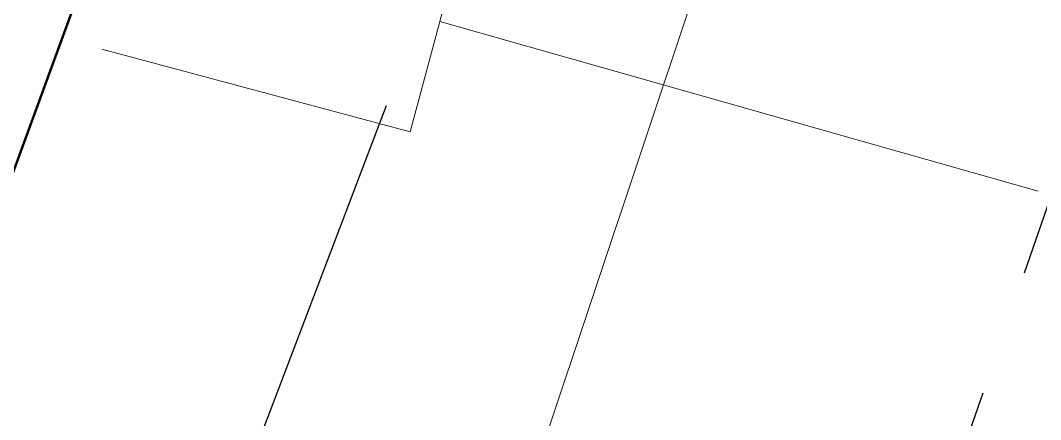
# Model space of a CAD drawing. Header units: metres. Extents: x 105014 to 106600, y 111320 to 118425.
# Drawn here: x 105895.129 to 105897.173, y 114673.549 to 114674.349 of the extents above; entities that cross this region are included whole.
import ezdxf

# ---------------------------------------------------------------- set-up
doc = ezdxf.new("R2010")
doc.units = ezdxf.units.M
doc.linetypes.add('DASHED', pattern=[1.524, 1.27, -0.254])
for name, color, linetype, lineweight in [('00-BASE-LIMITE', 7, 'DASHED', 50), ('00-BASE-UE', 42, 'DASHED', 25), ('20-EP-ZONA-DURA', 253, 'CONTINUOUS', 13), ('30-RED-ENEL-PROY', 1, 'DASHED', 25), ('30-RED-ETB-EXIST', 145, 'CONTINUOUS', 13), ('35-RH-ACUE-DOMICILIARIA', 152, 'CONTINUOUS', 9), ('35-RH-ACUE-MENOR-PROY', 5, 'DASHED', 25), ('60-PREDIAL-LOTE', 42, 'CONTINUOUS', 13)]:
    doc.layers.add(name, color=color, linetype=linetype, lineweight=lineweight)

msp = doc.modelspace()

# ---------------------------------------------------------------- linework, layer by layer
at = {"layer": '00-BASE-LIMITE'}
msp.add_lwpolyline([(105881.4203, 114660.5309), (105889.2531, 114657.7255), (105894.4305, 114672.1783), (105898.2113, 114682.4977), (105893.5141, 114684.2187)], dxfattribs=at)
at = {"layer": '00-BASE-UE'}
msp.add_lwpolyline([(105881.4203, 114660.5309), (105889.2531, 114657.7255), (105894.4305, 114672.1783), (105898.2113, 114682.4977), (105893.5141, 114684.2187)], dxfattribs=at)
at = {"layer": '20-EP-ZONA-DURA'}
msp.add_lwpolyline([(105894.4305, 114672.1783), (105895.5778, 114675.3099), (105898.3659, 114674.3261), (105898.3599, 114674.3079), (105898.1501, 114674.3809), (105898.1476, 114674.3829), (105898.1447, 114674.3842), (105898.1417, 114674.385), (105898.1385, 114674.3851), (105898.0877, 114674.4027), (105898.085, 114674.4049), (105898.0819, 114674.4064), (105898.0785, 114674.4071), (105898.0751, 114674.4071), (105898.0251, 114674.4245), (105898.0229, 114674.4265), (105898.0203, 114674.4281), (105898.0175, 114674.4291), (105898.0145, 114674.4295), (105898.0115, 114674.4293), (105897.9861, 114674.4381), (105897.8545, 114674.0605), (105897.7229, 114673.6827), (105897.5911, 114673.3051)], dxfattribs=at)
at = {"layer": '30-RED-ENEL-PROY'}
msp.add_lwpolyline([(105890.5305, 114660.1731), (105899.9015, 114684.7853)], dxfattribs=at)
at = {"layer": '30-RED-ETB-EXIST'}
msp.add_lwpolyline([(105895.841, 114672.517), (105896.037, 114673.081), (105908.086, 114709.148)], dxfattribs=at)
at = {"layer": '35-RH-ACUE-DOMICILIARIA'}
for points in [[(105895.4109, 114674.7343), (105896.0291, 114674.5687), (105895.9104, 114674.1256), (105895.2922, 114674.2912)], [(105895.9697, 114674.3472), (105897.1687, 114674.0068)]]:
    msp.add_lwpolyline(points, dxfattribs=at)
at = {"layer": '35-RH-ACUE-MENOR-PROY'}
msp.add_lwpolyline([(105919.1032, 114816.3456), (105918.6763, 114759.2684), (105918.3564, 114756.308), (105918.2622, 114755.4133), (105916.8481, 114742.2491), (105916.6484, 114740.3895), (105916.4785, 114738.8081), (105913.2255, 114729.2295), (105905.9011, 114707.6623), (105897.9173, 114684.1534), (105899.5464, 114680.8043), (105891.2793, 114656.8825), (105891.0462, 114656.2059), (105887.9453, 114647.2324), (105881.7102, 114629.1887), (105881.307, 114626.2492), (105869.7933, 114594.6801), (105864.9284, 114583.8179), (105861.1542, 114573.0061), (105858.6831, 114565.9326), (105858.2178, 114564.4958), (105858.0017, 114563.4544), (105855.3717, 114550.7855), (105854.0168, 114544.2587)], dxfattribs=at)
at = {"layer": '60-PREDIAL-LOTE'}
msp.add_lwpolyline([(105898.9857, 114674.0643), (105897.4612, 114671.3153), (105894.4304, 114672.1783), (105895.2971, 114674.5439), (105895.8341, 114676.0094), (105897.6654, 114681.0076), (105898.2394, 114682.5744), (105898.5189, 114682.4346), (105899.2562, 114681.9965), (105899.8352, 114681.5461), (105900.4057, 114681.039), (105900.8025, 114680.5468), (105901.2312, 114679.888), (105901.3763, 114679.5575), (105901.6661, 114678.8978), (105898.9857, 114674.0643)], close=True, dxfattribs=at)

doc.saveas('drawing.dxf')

> _What the exercise asks_: Filter the data for the string "LOTE". Copy each matching line.

> _Answer to the problem_:
for name, color, linetype, lineweight in [('00-BASE-LIMITE', 7, 'DASHED', 50), ('00-BASE-UE', 42, 'DASHED', 25), ('20-EP-ZONA-DURA', 253, 'CONTINUOUS', 13), ('30-RED-ENEL-PROY', 1, 'DASHED', 25), ('30-RED-ETB-EXIST', 145, 'CONTINUOUS', 13), ('35-RH-ACUE-DOMICILIARIA', 152, 'CONTINUOUS', 9), ('35-RH-ACUE-MENOR-PROY', 5, 'DASHED', 25), ('60-PREDIAL-LOTE', 42, 'CONTINUOUS', 13)]:
at = {"layer": '60-PREDIAL-LOTE'}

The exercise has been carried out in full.